In certain situations we have a small set of labeled examples but cannot acquire more training examples even without the labels. One possible solution in such situations is transfer learning. In transfer learning, we take a trained predictive model that was trained on a related task and re-train it with our available labeled data. The re-training fine-tunes the parameters of the trained model to make it perform well for our predictive task. Transfer learning is popular in deep learning where many trained predictive models are publicly available. While performing transfer learning, we often employ data augmentation to the available labeled examples to create additional examples with labels. The common data augmentation operations include translation, rotation, cropping and resizing, and blurring.

Self-Supervised Learning

The Self-supervised learning is essentially unsupervised learning wherein the labels, the desired predictions, are provided by the data itself and hence the name self-supervised learning. The objective of the self-supervised learning is to learn the latent characteristics of the data that could be useful in many ways. Although the self-supervised learning has been around for a long time, for example as in autoencoders, its current popularity is primarily due its use in training the large language models. 

The example below shows how the desired output is defined via self-learning. In the example, the words in green are masked and the model is trained to predict the masked words using the surrounding words. Thus, the masked words function as labels. The masking of the words is done in a random fashion for the given corpus and thus no manual labeling is needed.




The idea of random masking is not the only way to self-generate labels; several variations at the word level as well as the sentence level are possible and have been successfully used in different language modeling efforts. For example, self-learning can be employed to predict the neighboring sentences that come before and after a selected sentence in a given document. 

The tasks defined to perform self-supervised learning are called pretext tasks because these tasks are not the end-goal and the results of these tasks are used for building the final systems. 

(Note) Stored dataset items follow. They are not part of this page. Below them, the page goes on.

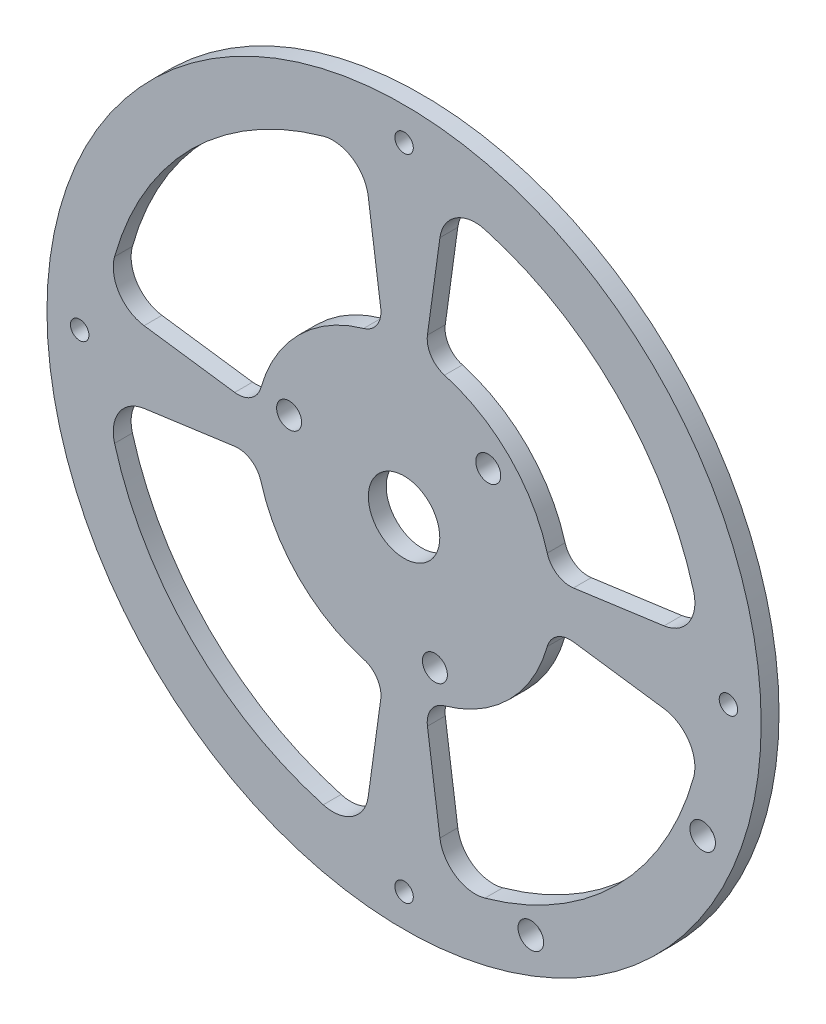
from build123d import *

# Parameters (mm, degrees)
SKETCH_1_R         = 60
SKETCH_1_R_2       = 1.55
SKETCH_1_R_3       = 2.1
SKETCH_1_R_4       = 6
EXTRUDE_1_DEPTH    = 3
SKETCH1_R          = 2.15
CUT_EXTRUDE1_DEPTH = 10


with BuildPart() as part:
    # 草图1 → 凸台-拉伸1 (new body)
    with BuildSketch(Plane.XY):
        Circle(SKETCH_1_R)
        with Locations((0, 54.5)):
            Circle(SKETCH_1_R_2, mode=Mode.SUBTRACT)
        with Locations((-54.5, 0)):
            Circle(SKETCH_1_R_2, mode=Mode.SUBTRACT)
        with Locations((0, -54.5)):
            Circle(SKETCH_1_R_2, mode=Mode.SUBTRACT)
        with Locations((54.5, 0)):
            Circle(SKETCH_1_R_2, mode=Mode.SUBTRACT)
        with Locations((14.142135624, 14.142135624)):
            Circle(SKETCH_1_R_3, mode=Mode.SUBTRACT)
        with Locations((5.176380902, -19.318516526)):
            Circle(SKETCH_1_R_3, mode=Mode.SUBTRACT)
        with Locations((-19.318516526, 5.176380902)):
            Circle(SKETCH_1_R_3, mode=Mode.SUBTRACT)
        Circle(SKETCH_1_R_4, mode=Mode.SUBTRACT)
        with BuildLine():
            Line((3.923217687, -28.453617749), (6.022703538, -43.680396542))
            ThreePointArc((6.022703538, -43.680396542), (8.67451724, -47.877141015), (13.579927123, -48.639855873))
            ThreePointArc((13.579927123, -48.639855873), (35.70889245, -35.70889245), (48.639855873, -13.579927123))
            ThreePointArc((48.639855873, -13.579927123), (47.877141015, -8.67451724), (43.680396542, -6.022703538))
            Line((43.680396542, -6.022703538), (28.453617749, -3.923217687))
            ThreePointArc((28.453617749, -3.923217687), (25.717860997, -4.538114468), (24.057984584, -6.7980422))
            ThreePointArc((24.057984584, -6.7980422), (17.67766953, -17.67766953), (6.7980422, -24.057984584))
            ThreePointArc((6.7980422, -24.057984584), (4.538114468, -25.717860997), (3.923217687, -28.453617749))
        make_face(mode=Mode.SUBTRACT)
        with BuildLine():
            Line((28.453617749, 3.923217687), (43.680396542, 6.022703538))
            ThreePointArc((43.680396542, 6.022703538), (47.877141015, 8.67451724), (48.639855873, 13.579927123))
            ThreePointArc((48.639855873, 13.579927123), (35.70889245, 35.70889245), (13.579927123, 48.639855873))
            ThreePointArc((13.579927123, 48.639855873), (8.67451724, 47.877141015), (6.022703538, 43.680396542))
            Line((6.022703538, 43.680396542), (3.923217687, 28.453617749))
            ThreePointArc((3.923217687, 28.453617749), (4.538114468, 25.717860997), (6.7980422, 24.057984584))
            ThreePointArc((6.7980422, 24.057984584), (17.67766953, 17.67766953), (24.057984584, 6.7980422))
            ThreePointArc((24.057984584, 6.7980422), (25.717860997, 4.538114468), (28.453617749, 3.923217687))
        make_face(mode=Mode.SUBTRACT)
        with BuildLine():
            Line((-28.453617749, -3.923217687), (-43.680396542, -6.022703538))
            ThreePointArc((-43.680396542, -6.022703538), (-47.877141015, -8.67451724), (-48.639855873, -13.579927123))
            ThreePointArc((-48.639855873, -13.579927123), (-35.70889245, -35.70889245), (-13.579927123, -48.639855873))
            ThreePointArc((-13.579927123, -48.639855873), (-8.67451724, -47.877141015), (-6.022703538, -43.680396542))
            Line((-6.022703538, -43.680396542), (-3.923217687, -28.453617749))
            ThreePointArc((-3.923217687, -28.453617749), (-4.538114468, -25.717860997), (-6.7980422, -24.057984584))
            ThreePointArc((-6.7980422, -24.057984584), (-17.67766953, -17.67766953), (-24.057984584, -6.7980422))
            ThreePointArc((-24.057984584, -6.7980422), (-25.717860997, -4.538114468), (-28.453617749, -3.923217687))
        make_face(mode=Mode.SUBTRACT)
        with BuildLine():
            Line((-3.923217687, 28.453617749), (-6.022703538, 43.680396542))
            ThreePointArc((-6.022703538, 43.680396542), (-8.67451724, 47.877141015), (-13.579927123, 48.639855873))
            ThreePointArc((-13.579927123, 48.639855873), (-35.70889245, 35.70889245), (-48.639855873, 13.579927123))
            ThreePointArc((-48.639855873, 13.579927123), (-47.877141015, 8.67451724), (-43.680396542, 6.022703538))
            Line((-43.680396542, 6.022703538), (-28.453617749, 3.923217687))
            ThreePointArc((-28.453617749, 3.923217687), (-25.717860997, 4.538114468), (-24.057984584, 6.7980422))
            ThreePointArc((-24.057984584, 6.7980422), (-17.67766953, 17.67766953), (-6.7980422, 24.057984584))
            ThreePointArc((-6.7980422, 24.057984584), (-4.538114468, 25.717860997), (-3.923217687, 28.453617749))
        make_face(mode=Mode.SUBTRACT)
    extrude(amount=EXTRUDE_1_DEPTH)

    # Sketch1 → Cut-Extrude1 (cut)
    with BuildSketch(Plane.XY.offset(3)):
        with Locations((50.167514513, -21.294846503)):
            Circle(SKETCH1_R)
        with Locations((21.294846503, -50.167514513)):
            Circle(SKETCH1_R)
    extrude(amount=-CUT_EXTRUDE1_DEPTH, mode=Mode.SUBTRACT)


solid = part.part

Self-generation of labels for prediction is easily extended to images to define a variety of pretext tasks for self-supervised learning. As an example, images can be subjected to rotations of (90 degrees, 180 degrees etc.) and the pretext task is defined to predict the rotation applied to the images. Such a pretext task can make the model learn the canonical orientation of image objects. Data augmentation is also commonly used in self-supervised learning to create image variations. 

All in all, self-supervised learning is a valuable concept that eliminates the need for external annotation. The success of large language models can be majorly attributed to this style of machine learning.